By Sean Boelman
For the fifteenth year, ShortsTV is releasing the Oscar-nominated short films in all three categories in theaters, allowing audiences across the country and world the unique experience of getting to see these short films in a setting unlike that in which they are usually shown. This also gives the filmmakers of these shorts the opportunity to see their work playing on the big screen, which is often a dream come true.
This year’s batch of animated shorts nominated for the award is about as one would expect, as the Academy has become relatively predictable in the films they nominate in this category. As always, the category will likely be won by the contender from the mainstream studio, but some of the indie shorts are very wonderful as well. The animated shorts program shown in theaters also contains three other films that were not nominated for the award, but those are not ranked in this article.
As is always the case with this category, there is one film in the mix that is a depressing tear-jerker, and this year, that is Daughter. Although there is a lot of merit in this film, and it is understandable why it earned a nomination, it doesn’t quite seem to hit all of its intended beats. Yes, it does have some absolutely stunning sequences, but the visuals aren’t able to compensate for a narrative that feels overly safe. Unlike some of the other contenders nominated for this award, this film doesn’t earn the emotional reaction it elicits.
Inarguably the most unusual contender on this list, the highly personal (and surprisingly political) short Sister packs quite a bit of material into its brief runtime but also packs quite the punch. Ultimately, the film’s third act twist feels a bit manipulative, but it does a good job of driving the film’s message home. Still, one can’t help but feel like there is more to be told from this story, and that an animated short like this may not have been the method to do so. Thankfully, there are more resources available on the issue, including a well-made documentary that was also released in 2019.

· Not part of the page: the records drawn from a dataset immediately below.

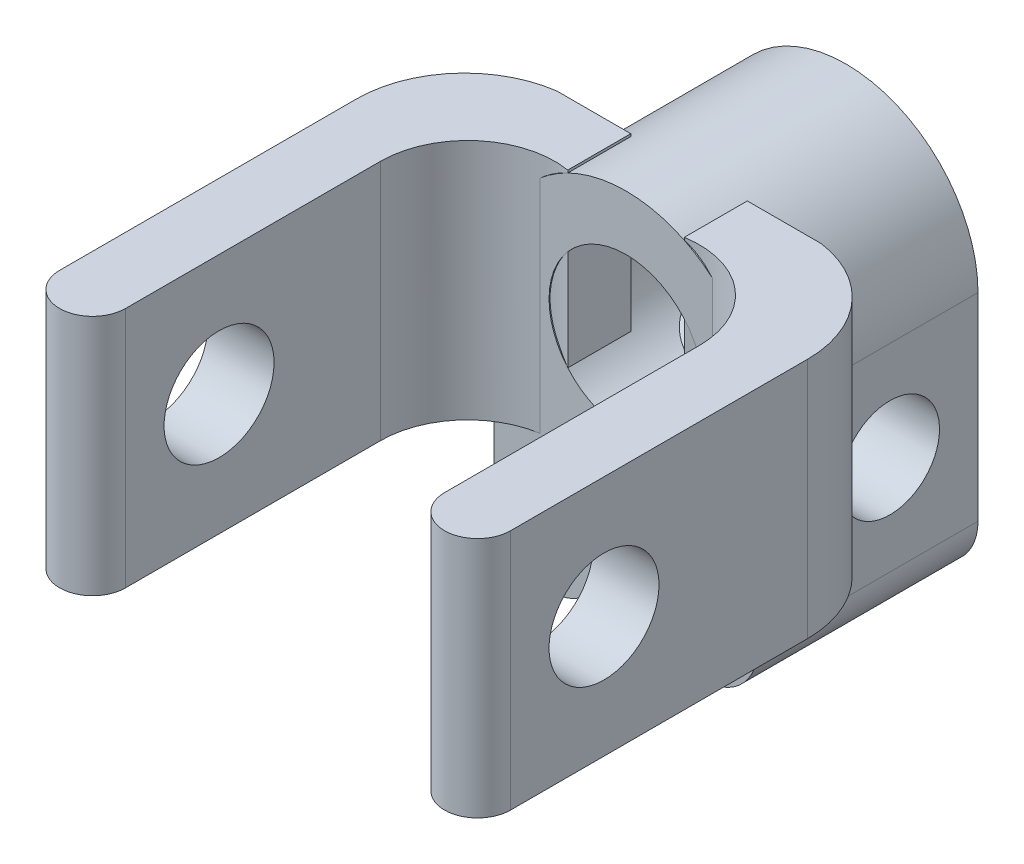
SolidWorks part; units mm, degrees
ref_plane "Front Plane" through (0, 0, 0) normal (0, 0, 1) x (1, 0, 0)
ref_plane "Top Plane" through (0, 0, 0) normal (0, 1, 0) x (1, 0, 0)
ref_plane "Right Plane" through (0, 0, 0) normal (1, 0, 0) x (0, 0, -1)
sketch "Sketch1" plane through (0, 0, 0) normal (0, 0, 1) x (1, 0, 0)
  line L0 (-12, 0) -> (12, 0) construction
  line L1 (-12, -18) -> (-12, 0)
  line L2 (12, 0) -> (12, -18)
  line L3 (-2, -18) -> (-2, -6.7082)
  line L4 (0, 0) -> (0, -38.2603) construction
  line L5 (2, -18) -> (2, -6.7082)
  arc A0 (2, -6.7082) -> (-2, -6.7082) centre (0, 0) ccw
  arc A1 (12, 0) -> (-12, 0) centre (0, 0) ccw
  arc A2 (-12, -18) -> (-2, -18) centre (-7, -18) ccw
  arc A3 (12, -18) -> (2, -18) centre (7, -18) cw
  point P6 (0, 0)
  dimension "D1" = 14
  dimension "D3" = 18
  dimension "D4" = 10
  dimension "D2" = 24
extrude "Boss-Extrude1" add sketch "Sketch1" along normal blind 20
sketch "Sketch2" plane through (0, 0, 0) normal (0, 1, 0) x (1, 0, 0)
  line L0 (0, 0) -> (0, -54) construction
  line L1 (-20.5, -51) -> (-20.5, -24)
  line L2 (-12, -20) -> (-12, 0) construction
  line L3 (-14.5, -51) -> (-14.5, -27.8281)
  line L4 (-12, -20) -> (12, -20) construction
  line L5 (21.6606, -54) -> (-21.6606, -54) construction
  line L6 (14.5, -51) -> (14.5, -27.8281)
  line L7 (20.5, -51) -> (20.5, -24)
  line L10 (-12, -14.2716) -> (-5.2969, -14.2716)
  line L11 (-5.2969, -14.2716) -> (-5.2969, -20)
  line L12 (12, -14.2716) -> (5.2969, -14.2716)
  line L13 (5.2969, -14.2716) -> (5.2969, -20)
  arc A0 (-20.5, -24) -> (-12, -14.2716) centre (-10.6829, -24) cw
  arc A1 (-20.5, -51) -> (-14.5, -51) centre (-17.5, -51) ccw
  arc A2 (-14.5, -27.8281) -> (-5.2969, -20) centre (-6.5692, -27.8281) cw
  arc A3 (14.5, -27.8281) -> (5.2969, -20) centre (6.5692, -27.8281) ccw
  arc A4 (20.5, -51) -> (14.5, -51) centre (17.5, -51) cw
  arc A5 (20.5, -24) -> (12, -14.2716) centre (10.6829, -24) ccw
  point P19 (0, -54)
  dimension "D2" = 6
  dimension "D4" = 27
  dimension "D1" = 54
  dimension "D3" = 41
extrude "Boss-Extrude2" add sketch "Sketch2" along normal blind 11 and the other way blind 11
sketch "Sketch3" plane through (0, 0, 0) normal (1, 0, 0) x (0, 0, -1)
  line L0 (0, 0) -> (-54, 0) construction
  line L1 (-54, 11) -> (-54, -11) construction
  line L2 (0, -18) -> (0, 0) construction
  line L3 (-20, -23) -> (0, -23) construction
  circle A0 centre (-42.5, 0) radius 5
  circle A1 centre (-8, -9) radius 4.5
  dimension "D1" = 10
  dimension "D3" = 9
  dimension "D2" = 11.5
  dimension "D4" = 8
  dimension "D5" = 14
extrude "Cut-Extrude1" cut sketch "Sketch3" against normal through all both and the other way through all
sketch3d "3DSketch1"
  line L0 (20.5, 0, 42.5) -> (-20.5, 0, 42.5) construction
  line L1 (14.5, 0, 42.5) -> (20.5, 0, 42.5) construction
  line L2 (0, 0, 42.5) -> (0, 0, 0) construction
  circle A0 centre (-20.5, 0, 42.5) radius 5 construction
  circle A1 centre (20.5, 0, 42.5) radius 5 construction
  point P4 (0, 0, 42.5)
  point P8 (-15.5, 0, 42.5)
  point P14 (25.5, 0, 42.5)

Released by Disney/Pixar under their SparkShorts label, Kitbull likely would have been the favorite to win this award if only it had been released theatrically alongside one of their features. Alas, the Disney+ release for this cute, if somewhat insubstantial short will likely cement its position as one of the long shots, even despite the brand name. Certainly adorable, with admirable character design and a sweet story, Kitbull is an admirable film, but it arguably isn’t the best to have been released under the label. With the era of Pixar shorts accompanying their features in theaters coming to an end, so too it seems that the company’s usual reign in this category is over.
2. Hair Love
From Sony Pictures Animation (the film received a theatrical release along with The Angry Birds Movie 2), Hair Love is the obvious favorite to win the title as this year’s best animated short film. With a touching story and some extremely creative animation, the talent in the visual storytelling that is present here is undeniably very impressive. Though the film’s narrative is a bit safe, it is packed with emotion, and it is unlikely to leave any viewer unmoved. Additionally, there is a ton of personality in the visual style, with some excellent character designs and some unique effects. This is the type of all-around well-made and crowd-pleasing short that usually triumphs in this category, so don’t expect the Academy to bring any surprises.
Although it is unlikely to receive the award (as mentioned before, the Academy tends to recognize the higher-profile contenders in this category), Memorable is arguably the most deserving nominee of the bunch. Featuring a beautiful story that deals with an absolutely heartbreaking topic, this film is heartbreaking in all the right ways. Furthermore, the film features a truly gorgeous and thoroughly creative visual style. The amount of detail present in this short is extremely impressive, from the texture of the characters to the design of the sets. In terms of both style and content, this is reminiscent of the recent animated masterpiece Anomalisa, and as such, it will have plenty of fans of its own.
The 2020 Oscar Nominated Short Films open in theaters on January 29.